After being interrupted by a rain shower, I cycled from Old Shoreham along the path to Erringham Lay-by noting a cruising Southern Hawker (dragonfly), Red Admiral Butterfly, Meadow Browns, Green-veined White and a Comma Butterfly. It was cloudy, breezy and overcast, inimical for watching butterflies blown about on the wind.

3 August 2014
I almost collided with a Comma Butterfly as I cycled over the first lay-by on the Steyning Road, north of Old Shoreham. About a minute later I spotted a Small White Butterfly and these were both species not seen two days previously. Cloudy, breezy and humid and generally an unsatisfactory day for butterflies with only a Red Admiral and a Gatekeeper seen on a passage trip along the cyclepath from the Erringham Lay-by to Ropetackle.

22 July 2014
A cycle ride to Annington Sewer and back, with a detour to Anchor Bottom, brought 15 different species of butterfly, but the highlight of the day was a male Banded Demoiselle over a stream next to the cyclepath halfway between Old Shoreham and Upper Beeding.
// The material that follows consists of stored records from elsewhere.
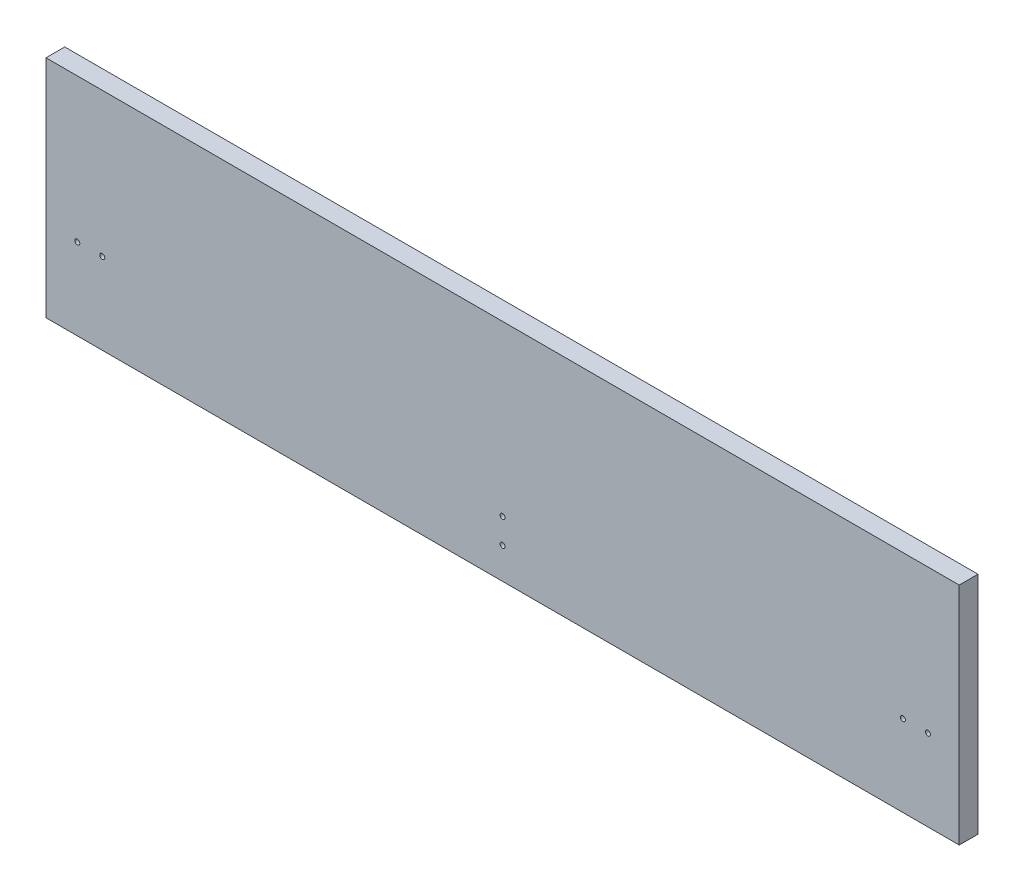
ISO-10303-21;
HEADER;
FILE_DESCRIPTION(('STEP AP214'),'2;1');
FILE_NAME('part.step','',(''),(''),'','','');
FILE_SCHEMA(('AUTOMOTIVE_DESIGN { 1 0 10303 214 1 1 1 1 }'));
ENDSEC;
DATA;
#1=APPLICATION_CONTEXT('core data for automotive mechanical design processes');
#2=APPLICATION_PROTOCOL_DEFINITION('international standard','automotive_design',2000,#1);
#3=PRODUCT_CONTEXT('',#1,'mechanical');
#4=PRODUCT('Part','Part','',(#3));
#5=PRODUCT_RELATED_PRODUCT_CATEGORY('part','',(#4));
#6=PRODUCT_DEFINITION_FORMATION('','',#4);
#7=PRODUCT_DEFINITION_CONTEXT('part definition',#1,'design');
#8=PRODUCT_DEFINITION('design','',#6,#7);
#9=PRODUCT_DEFINITION_SHAPE('','',#8);
#10=(LENGTH_UNIT() NAMED_UNIT(*) SI_UNIT(.MILLI.,.METRE.));
#11=(NAMED_UNIT(*) PLANE_ANGLE_UNIT() SI_UNIT($,.RADIAN.));
#12=(NAMED_UNIT(*) SI_UNIT($,.STERADIAN.) SOLID_ANGLE_UNIT());
#13=UNCERTAINTY_MEASURE_WITH_UNIT(LENGTH_MEASURE(1.E-05),#10,'distance_accuracy_value','');
#14=(GEOMETRIC_REPRESENTATION_CONTEXT(3) GLOBAL_UNCERTAINTY_ASSIGNED_CONTEXT((#13)) GLOBAL_UNIT_ASSIGNED_CONTEXT((#10,
#11,#12)) REPRESENTATION_CONTEXT('',''));
#15=CARTESIAN_POINT('',(0.,0.,0.));
#16=DIRECTION('',(0.,0.,1.));
#17=DIRECTION('',(1.,0.,0.));
#18=AXIS2_PLACEMENT_3D('',#15,#16,#17);
#19=CARTESIAN_POINT('',(365.,-90.,15.));
#20=DIRECTION('',(-1.,0.,0.));
#21=DIRECTION('',(0.,-1.,0.));
#22=AXIS2_PLACEMENT_3D('',#19,#20,#21);
#23=PLANE('',#22);
#24=DIRECTION('',(0.,1.,0.));
#25=VECTOR('',#24,1.);
#26=CARTESIAN_POINT('',(365.,-90.,0.));
#27=LINE('',#26,#25);
#28=CARTESIAN_POINT('',(365.,-90.,0.));
#29=VERTEX_POINT('',#28);
#30=CARTESIAN_POINT('',(365.,90.,0.));
#31=VERTEX_POINT('',#30);
#32=EDGE_CURVE('E95',#29,#31,#27,.T.);
#33=ORIENTED_EDGE('',*,*,#32,.T.);
#34=DIRECTION('',(0.,0.,-1.));
#35=VECTOR('',#34,1.);
#36=CARTESIAN_POINT('',(365.,90.,15.));
#37=LINE('',#36,#35);
#38=CARTESIAN_POINT('',(365.,90.,15.));
#39=VERTEX_POINT('',#38);
#40=EDGE_CURVE('E11',#39,#31,#37,.T.);
#41=ORIENTED_EDGE('',*,*,#40,.F.);
#42=DIRECTION('',(0.,1.,0.));
#43=VECTOR('',#42,1.);
#44=CARTESIAN_POINT('',(365.,-90.,15.));
#45=LINE('',#44,#43);
#46=CARTESIAN_POINT('',(365.,-90.,15.));
#47=VERTEX_POINT('',#46);
#48=EDGE_CURVE('E83',#47,#39,#45,.T.);
#49=ORIENTED_EDGE('',*,*,#48,.F.);
#50=DIRECTION('',(0.,0.,-1.));
#51=VECTOR('',#50,1.);
#52=CARTESIAN_POINT('',(365.,-90.,15.));
#53=LINE('',#52,#51);
#54=EDGE_CURVE('E91',#47,#29,#53,.T.);
#55=ORIENTED_EDGE('',*,*,#54,.T.);
#56=EDGE_LOOP('',(#33,#41,#49,#55));
#57=FACE_BOUND('',#56,.T.);
#58=ADVANCED_FACE('F32',(#57),#23,.F.);
#59=CARTESIAN_POINT('',(-365.,90.,15.));
#60=DIRECTION('',(0.,-1.,0.));
#61=DIRECTION('',(0.,0.,-1.));
#62=AXIS2_PLACEMENT_3D('',#59,#60,#61);
#63=PLANE('',#62);
#64=DIRECTION('',(-1.,0.,0.));
#65=VECTOR('',#64,1.);
#66=CARTESIAN_POINT('',(-365.,90.,0.));
#67=LINE('',#66,#65);
#68=CARTESIAN_POINT('',(-365.,90.,0.));
#69=VERTEX_POINT('',#68);
#70=EDGE_CURVE('E87',#31,#69,#67,.T.);
#71=ORIENTED_EDGE('',*,*,#70,.T.);
#72=DIRECTION('',(0.,0.,-1.));
#73=VECTOR('',#72,1.);
#74=CARTESIAN_POINT('',(-365.,90.,15.));
#75=LINE('',#74,#73);
#76=CARTESIAN_POINT('',(-365.,90.,15.));
#77=VERTEX_POINT('',#76);
#78=EDGE_CURVE('E40',#77,#69,#75,.T.);
#79=ORIENTED_EDGE('',*,*,#78,.F.);
#80=DIRECTION('',(-1.,0.,0.));
#81=VECTOR('',#80,1.);
#82=CARTESIAN_POINT('',(-365.,90.,15.));
#83=LINE('',#82,#81);
#84=EDGE_CURVE('E78',#39,#77,#83,.T.);
#85=ORIENTED_EDGE('',*,*,#84,.F.);
#86=ORIENTED_EDGE('',*,*,#40,.T.);
#87=EDGE_LOOP('',(#71,#79,#85,#86));
#88=FACE_BOUND('',#87,.T.);
#89=ADVANCED_FACE('F86',(#88),#63,.F.);
#90=CARTESIAN_POINT('',(-365.,-90.,15.));
#91=DIRECTION('',(1.,0.,0.));
#92=DIRECTION('',(0.,1.,0.));
#93=AXIS2_PLACEMENT_3D('',#90,#91,#92);
#94=PLANE('',#93);
#95=DIRECTION('',(0.,-1.,0.));
#96=VECTOR('',#95,1.);
#97=CARTESIAN_POINT('',(-365.,-90.,0.));
#98=LINE('',#97,#96);
#99=CARTESIAN_POINT('',(-365.,-90.,0.));
#100=VERTEX_POINT('',#99);
#101=EDGE_CURVE('E65',#69,#100,#98,.T.);
#102=ORIENTED_EDGE('',*,*,#101,.T.);
#103=DIRECTION('',(0.,0.,-1.));
#104=VECTOR('',#103,1.);
#105=CARTESIAN_POINT('',(-365.,-90.,15.));
#106=LINE('',#105,#104);
#107=CARTESIAN_POINT('',(-365.,-90.,15.));
#108=VERTEX_POINT('',#107);
#109=EDGE_CURVE('E88',#108,#100,#106,.T.);
#110=ORIENTED_EDGE('',*,*,#109,.F.);
#111=DIRECTION('',(0.,-1.,0.));
#112=VECTOR('',#111,1.);
#113=CARTESIAN_POINT('',(-365.,-90.,15.));
#114=LINE('',#113,#112);
#115=EDGE_CURVE('E81',#77,#108,#114,.T.);
#116=ORIENTED_EDGE('',*,*,#115,.F.);
#117=ORIENTED_EDGE('',*,*,#78,.T.);
#118=EDGE_LOOP('',(#102,#110,#116,#117));
#119=FACE_BOUND('',#118,.T.);
#120=ADVANCED_FACE('F89',(#119),#94,.F.);
#121=CARTESIAN_POINT('',(-365.,-90.,15.));
#122=DIRECTION('',(0.,1.,0.));
#123=DIRECTION('',(0.,0.,1.));
#124=AXIS2_PLACEMENT_3D('',#121,#122,#123);
#125=PLANE('',#124);
#126=DIRECTION('',(1.,0.,0.));
#127=VECTOR('',#126,1.);
#128=CARTESIAN_POINT('',(-365.,-90.,0.));
#129=LINE('',#128,#127);
#130=EDGE_CURVE('E71',#100,#29,#129,.T.);
#131=ORIENTED_EDGE('',*,*,#130,.T.);
#132=ORIENTED_EDGE('',*,*,#54,.F.);
#133=DIRECTION('',(1.,0.,0.));
#134=VECTOR('',#133,1.);
#135=CARTESIAN_POINT('',(-365.,-90.,15.));
#136=LINE('',#135,#134);
#137=EDGE_CURVE('E48',#108,#47,#136,.T.);
#138=ORIENTED_EDGE('',*,*,#137,.F.);
#139=ORIENTED_EDGE('',*,*,#109,.T.);
#140=EDGE_LOOP('',(#131,#132,#138,#139));
#141=FACE_BOUND('',#140,.T.);
#142=ADVANCED_FACE('F103',(#141),#125,.F.);
#143=CARTESIAN_POINT('',(0.,0.,15.));
#144=DIRECTION('',(0.,0.,-1.));
#145=DIRECTION('',(-1.,0.,0.));
#146=AXIS2_PLACEMENT_3D('',#143,#144,#145);
#147=PLANE('',#146);
#148=CARTESIAN_POINT('',(320.,-24.9999999999999,15.));
#149=DIRECTION('',(0.,0.,1.));
#150=DIRECTION('',(1.,0.,0.));
#151=AXIS2_PLACEMENT_3D('',#148,#149,#150);
#152=CIRCLE('',#151,2.);
#153=CARTESIAN_POINT('',(322.,-24.9999999999999,15.));
#154=VERTEX_POINT('',#153);
#155=EDGE_CURVE('E139',#154,#154,#152,.T.);
#156=ORIENTED_EDGE('',*,*,#155,.F.);
#157=EDGE_LOOP('',(#156));
#158=FACE_BOUND('',#157,.T.);
#159=CARTESIAN_POINT('',(340.,-25.,15.));
#160=DIRECTION('',(0.,0.,1.));
#161=DIRECTION('',(1.,0.,0.));
#162=AXIS2_PLACEMENT_3D('',#159,#160,#161);
#163=CIRCLE('',#162,2.);
#164=CARTESIAN_POINT('',(342.,-25.,15.));
#165=VERTEX_POINT('',#164);
#166=EDGE_CURVE('E133',#165,#165,#163,.T.);
#167=ORIENTED_EDGE('',*,*,#166,.F.);
#168=EDGE_LOOP('',(#167));
#169=FACE_BOUND('',#168,.T.);
#170=CARTESIAN_POINT('',(-320.,-25.,15.));
#171=DIRECTION('',(0.,0.,1.));
#172=DIRECTION('',(1.,0.,0.));
#173=AXIS2_PLACEMENT_3D('',#170,#171,#172);
#174=CIRCLE('',#173,2.);
#175=CARTESIAN_POINT('',(-318.,-25.,15.));
#176=VERTEX_POINT('',#175);
#177=EDGE_CURVE('E127',#176,#176,#174,.T.);
#178=ORIENTED_EDGE('',*,*,#177,.F.);
#179=EDGE_LOOP('',(#178));
#180=FACE_BOUND('',#179,.T.);
#181=CARTESIAN_POINT('',(0.,-45.,15.));
#182=DIRECTION('',(0.,0.,1.));
#183=DIRECTION('',(1.,0.,0.));
#184=AXIS2_PLACEMENT_3D('',#181,#182,#183);
#185=CIRCLE('',#184,2.);
#186=CARTESIAN_POINT('',(2.,-45.,15.));
#187=VERTEX_POINT('',#186);
#188=EDGE_CURVE('E121',#187,#187,#185,.T.);
#189=ORIENTED_EDGE('',*,*,#188,.F.);
#190=EDGE_LOOP('',(#189));
#191=FACE_BOUND('',#190,.T.);
#192=CARTESIAN_POINT('',(0.,-65.,15.));
#193=DIRECTION('',(0.,0.,1.));
#194=DIRECTION('',(1.,0.,0.));
#195=AXIS2_PLACEMENT_3D('',#192,#193,#194);
#196=CIRCLE('',#195,2.);
#197=CARTESIAN_POINT('',(2.,-65.,15.));
#198=VERTEX_POINT('',#197);
#199=EDGE_CURVE('E115',#198,#198,#196,.T.);
#200=ORIENTED_EDGE('',*,*,#199,.F.);
#201=EDGE_LOOP('',(#200));
#202=FACE_BOUND('',#201,.T.);
#203=CARTESIAN_POINT('',(-340.,-25.,15.));
#204=DIRECTION('',(0.,0.,1.));
#205=DIRECTION('',(1.,0.,0.));
#206=AXIS2_PLACEMENT_3D('',#203,#204,#205);
#207=CIRCLE('',#206,2.);
#208=CARTESIAN_POINT('',(-338.,-25.,15.));
#209=VERTEX_POINT('',#208);
#210=EDGE_CURVE('E109',#209,#209,#207,.T.);
#211=ORIENTED_EDGE('',*,*,#210,.F.);
#212=EDGE_LOOP('',(#211));
#213=FACE_BOUND('',#212,.T.);
#214=ORIENTED_EDGE('',*,*,#48,.T.);
#215=ORIENTED_EDGE('',*,*,#84,.T.);
#216=ORIENTED_EDGE('',*,*,#115,.T.);
#217=ORIENTED_EDGE('',*,*,#137,.T.);
#218=EDGE_LOOP('',(#214,#215,#216,#217));
#219=FACE_BOUND('',#218,.T.);
#220=ADVANCED_FACE('F79',(#158,#169,#180,#191,#202,#213,#219),#147,.F.);
#221=CARTESIAN_POINT('',(0.,0.,0.));
#222=DIRECTION('',(0.,0.,-1.));
#223=DIRECTION('',(-1.,0.,0.));
#224=AXIS2_PLACEMENT_3D('',#221,#222,#223);
#225=PLANE('',#224);
#226=ORIENTED_EDGE('',*,*,#32,.F.);
#227=ORIENTED_EDGE('',*,*,#130,.F.);
#228=ORIENTED_EDGE('',*,*,#101,.F.);
#229=ORIENTED_EDGE('',*,*,#70,.F.);
#230=EDGE_LOOP('',(#226,#227,#228,#229));
#231=FACE_BOUND('',#230,.T.);
#232=ADVANCED_FACE('F106',(#231),#225,.T.);
#233=CARTESIAN_POINT('',(-340.,-25.,5.));
#234=DIRECTION('',(0.,0.,1.));
#235=DIRECTION('',(1.,0.,0.));
#236=AXIS2_PLACEMENT_3D('',#233,#234,#235);
#237=CYLINDRICAL_SURFACE('',#236,2.);
#238=CARTESIAN_POINT('',(-340.,-25.,5.));
#239=DIRECTION('',(0.,0.,1.));
#240=DIRECTION('',(1.,0.,0.));
#241=AXIS2_PLACEMENT_3D('',#238,#239,#240);
#242=CIRCLE('',#241,2.);
#243=CARTESIAN_POINT('',(-338.,-25.,5.));
#244=VERTEX_POINT('',#243);
#245=EDGE_CURVE('E98',#244,#244,#242,.T.);
#246=ORIENTED_EDGE('',*,*,#245,.F.);
#247=EDGE_LOOP('',(#246));
#248=FACE_BOUND('',#247,.T.);
#249=ORIENTED_EDGE('',*,*,#210,.T.);
#250=EDGE_LOOP('',(#249));
#251=FACE_BOUND('',#250,.T.);
#252=ADVANCED_FACE('F167',(#248,#251),#237,.F.);
#253=CARTESIAN_POINT('',(-340.,-25.,5.));
#254=DIRECTION('',(0.,0.,1.));
#255=DIRECTION('',(1.,0.,0.));
#256=AXIS2_PLACEMENT_3D('',#253,#254,#255);
#257=PLANE('',#256);
#258=ORIENTED_EDGE('',*,*,#245,.T.);
#259=EDGE_LOOP('',(#258));
#260=FACE_BOUND('',#259,.T.);
#261=ADVANCED_FACE('F169',(#260),#257,.T.);
#262=CARTESIAN_POINT('',(0.,-65.,5.));
#263=DIRECTION('',(0.,0.,1.));
#264=DIRECTION('',(1.,0.,0.));
#265=AXIS2_PLACEMENT_3D('',#262,#263,#264);
#266=CYLINDRICAL_SURFACE('',#265,2.);
#267=CARTESIAN_POINT('',(0.,-65.,5.));
#268=DIRECTION('',(0.,0.,1.));
#269=DIRECTION('',(1.,0.,0.));
#270=AXIS2_PLACEMENT_3D('',#267,#268,#269);
#271=CIRCLE('',#270,2.);
#272=CARTESIAN_POINT('',(2.,-65.,5.));
#273=VERTEX_POINT('',#272);
#274=EDGE_CURVE('E112',#273,#273,#271,.T.);
#275=ORIENTED_EDGE('',*,*,#274,.F.);
#276=EDGE_LOOP('',(#275));
#277=FACE_BOUND('',#276,.T.);
#278=ORIENTED_EDGE('',*,*,#199,.T.);
#279=EDGE_LOOP('',(#278));
#280=FACE_BOUND('',#279,.T.);
#281=ADVANCED_FACE('F176',(#277,#280),#266,.F.);
#282=CARTESIAN_POINT('',(0.,-65.,5.));
#283=DIRECTION('',(0.,0.,1.));
#284=DIRECTION('',(1.,0.,0.));
#285=AXIS2_PLACEMENT_3D('',#282,#283,#284);
#286=PLANE('',#285);
#287=ORIENTED_EDGE('',*,*,#274,.T.);
#288=EDGE_LOOP('',(#287));
#289=FACE_BOUND('',#288,.T.);
#290=ADVANCED_FACE('F224',(#289),#286,.T.);
#291=CARTESIAN_POINT('',(0.,-45.,5.));
#292=DIRECTION('',(0.,0.,1.));
#293=DIRECTION('',(1.,0.,0.));
#294=AXIS2_PLACEMENT_3D('',#291,#292,#293);
#295=CYLINDRICAL_SURFACE('',#294,2.);
#296=CARTESIAN_POINT('',(0.,-45.,5.));
#297=DIRECTION('',(0.,0.,1.));
#298=DIRECTION('',(1.,0.,0.));
#299=AXIS2_PLACEMENT_3D('',#296,#297,#298);
#300=CIRCLE('',#299,2.);
#301=CARTESIAN_POINT('',(2.,-45.,5.));
#302=VERTEX_POINT('',#301);
#303=EDGE_CURVE('E118',#302,#302,#300,.T.);
#304=ORIENTED_EDGE('',*,*,#303,.F.);
#305=EDGE_LOOP('',(#304));
#306=FACE_BOUND('',#305,.T.);
#307=ORIENTED_EDGE('',*,*,#188,.T.);
#308=EDGE_LOOP('',(#307));
#309=FACE_BOUND('',#308,.T.);
#310=ADVANCED_FACE('F233',(#306,#309),#295,.F.);
#311=CARTESIAN_POINT('',(0.,-45.,5.));
#312=DIRECTION('',(0.,0.,1.));
#313=DIRECTION('',(1.,0.,0.));
#314=AXIS2_PLACEMENT_3D('',#311,#312,#313);
#315=PLANE('',#314);
#316=ORIENTED_EDGE('',*,*,#303,.T.);
#317=EDGE_LOOP('',(#316));
#318=FACE_BOUND('',#317,.T.);
#319=ADVANCED_FACE('F242',(#318),#315,.T.);
#320=CARTESIAN_POINT('',(-320.,-25.,5.));
#321=DIRECTION('',(0.,0.,1.));
#322=DIRECTION('',(1.,0.,0.));
#323=AXIS2_PLACEMENT_3D('',#320,#321,#322);
#324=CYLINDRICAL_SURFACE('',#323,2.);
#325=CARTESIAN_POINT('',(-320.,-25.,5.));
#326=DIRECTION('',(0.,0.,1.));
#327=DIRECTION('',(1.,0.,0.));
#328=AXIS2_PLACEMENT_3D('',#325,#326,#327);
#329=CIRCLE('',#328,2.);
#330=CARTESIAN_POINT('',(-318.,-25.,5.));
#331=VERTEX_POINT('',#330);
#332=EDGE_CURVE('E124',#331,#331,#329,.T.);
#333=ORIENTED_EDGE('',*,*,#332,.F.);
#334=EDGE_LOOP('',(#333));
#335=FACE_BOUND('',#334,.T.);
#336=ORIENTED_EDGE('',*,*,#177,.T.);
#337=EDGE_LOOP('',(#336));
#338=FACE_BOUND('',#337,.T.);
#339=ADVANCED_FACE('F251',(#335,#338),#324,.F.);
#340=CARTESIAN_POINT('',(-320.,-25.,5.));
#341=DIRECTION('',(0.,0.,1.));
#342=DIRECTION('',(1.,0.,0.));
#343=AXIS2_PLACEMENT_3D('',#340,#341,#342);
#344=PLANE('',#343);
#345=ORIENTED_EDGE('',*,*,#332,.T.);
#346=EDGE_LOOP('',(#345));
#347=FACE_BOUND('',#346,.T.);
#348=ADVANCED_FACE('F260',(#347),#344,.T.);
#349=CARTESIAN_POINT('',(340.,-25.,5.));
#350=DIRECTION('',(0.,0.,1.));
#351=DIRECTION('',(1.,0.,0.));
#352=AXIS2_PLACEMENT_3D('',#349,#350,#351);
#353=CYLINDRICAL_SURFACE('',#352,2.);
#354=CARTESIAN_POINT('',(340.,-25.,5.));
#355=DIRECTION('',(0.,0.,1.));
#356=DIRECTION('',(1.,0.,0.));
#357=AXIS2_PLACEMENT_3D('',#354,#355,#356);
#358=CIRCLE('',#357,2.);
#359=CARTESIAN_POINT('',(342.,-25.,5.));
#360=VERTEX_POINT('',#359);
#361=EDGE_CURVE('E130',#360,#360,#358,.T.);
#362=ORIENTED_EDGE('',*,*,#361,.F.);
#363=EDGE_LOOP('',(#362));
#364=FACE_BOUND('',#363,.T.);
#365=ORIENTED_EDGE('',*,*,#166,.T.);
#366=EDGE_LOOP('',(#365));
#367=FACE_BOUND('',#366,.T.);
#368=ADVANCED_FACE('F269',(#364,#367),#353,.F.);
#369=CARTESIAN_POINT('',(340.,-25.,5.));
#370=DIRECTION('',(0.,0.,1.));
#371=DIRECTION('',(1.,0.,0.));
#372=AXIS2_PLACEMENT_3D('',#369,#370,#371);
#373=PLANE('',#372);
#374=ORIENTED_EDGE('',*,*,#361,.T.);
#375=EDGE_LOOP('',(#374));
#376=FACE_BOUND('',#375,.T.);
#377=ADVANCED_FACE('F150',(#376),#373,.T.);
#378=CARTESIAN_POINT('',(320.,-24.9999999999999,5.));
#379=DIRECTION('',(0.,0.,1.));
#380=DIRECTION('',(1.,0.,0.));
#381=AXIS2_PLACEMENT_3D('',#378,#379,#380);
#382=CYLINDRICAL_SURFACE('',#381,2.);
#383=CARTESIAN_POINT('',(320.,-24.9999999999999,5.));
#384=DIRECTION('',(0.,0.,1.));
#385=DIRECTION('',(1.,0.,0.));
#386=AXIS2_PLACEMENT_3D('',#383,#384,#385);
#387=CIRCLE('',#386,2.);
#388=CARTESIAN_POINT('',(322.,-24.9999999999999,5.));
#389=VERTEX_POINT('',#388);
#390=EDGE_CURVE('E136',#389,#389,#387,.T.);
#391=ORIENTED_EDGE('',*,*,#390,.F.);
#392=EDGE_LOOP('',(#391));
#393=FACE_BOUND('',#392,.T.);
#394=ORIENTED_EDGE('',*,*,#155,.T.);
#395=EDGE_LOOP('',(#394));
#396=FACE_BOUND('',#395,.T.);
#397=ADVANCED_FACE('F147',(#393,#396),#382,.F.);
#398=CARTESIAN_POINT('',(320.,-24.9999999999999,5.));
#399=DIRECTION('',(0.,0.,1.));
#400=DIRECTION('',(1.,0.,0.));
#401=AXIS2_PLACEMENT_3D('',#398,#399,#400);
#402=PLANE('',#401);
#403=ORIENTED_EDGE('',*,*,#390,.T.);
#404=EDGE_LOOP('',(#403));
#405=FACE_BOUND('',#404,.T.);
#406=ADVANCED_FACE('F145',(#405),#402,.T.);
#407=CLOSED_SHELL('',(#58,#89,#120,#142,#220,#232,#252,#261,#281,#290,#310,#319,#339,#348,#368,
#377,#397,#406));
#408=MANIFOLD_SOLID_BREP('B2',#407);
#409=ADVANCED_BREP_SHAPE_REPRESENTATION('',(#18,#408),#14);
#410=SHAPE_DEFINITION_REPRESENTATION(#9,#409);
ENDSEC;
END-ISO-10303-21;

This blue demoiselle has a butterfly-like wing, but like all damsels lands with its wings closed.

The cyclepath verges hosted the following butterflies in order of prevalence: Meadow Browns, Gatekeepers, Large Whites, Red Admirals, Peacocks, Wall Browns, Small Skippers, Speckled Woods, Small Tortoiseshells, Green-veined Whites, Small White and a Comma. I spotted a Southern Hawker patrolling the flowering Buddleia at the edge of the cyclepath south of the Cement Works. One Hemp Agrimony bush on the verges of the cyclepath near Old Shoreham, attracted a Red Admiral, a Gatekeeper, Large White and a Peacock Butterfly all at the same time as I cycled past.
Full Butterfly Report

20 July 2014
Large Grey Mullet were trapped in the Emerald Quay lock by the weir at low tide. This is an expected event every summer.

Old Shoreham Cyclepath

19 July 2014
Shoals of Bass, Dicentrarchus labrax, fry were seen in the shallows at Surry Hard. This is an expected event every summer.
4 July 2014
A cycle trek over the reclaimed land north of the Hasler Estate (south Lancing) (Bristol Avenue to Prince Avenue) revealed Whirligig Beetles on the surface of the drainage ditch/stream separating the two fields, plus frequent butterflies; occasional Small Tortoiseshells and Meadow Browns, a possible Ringlet and a Speckled Wood. A Large White was seen earlier. Previous reports have included Grass Snakes from this area. 

30 June 2014
As the high tide lapped against the Sea Purslane near the banks of the River Adur at Old Shoreham, a shoal of tens of thousands of first year juvenile Grey Mullet milled around in the shallows just south of the Toll Bridge. There was another shoal of a similar size on the first bend in the river further north.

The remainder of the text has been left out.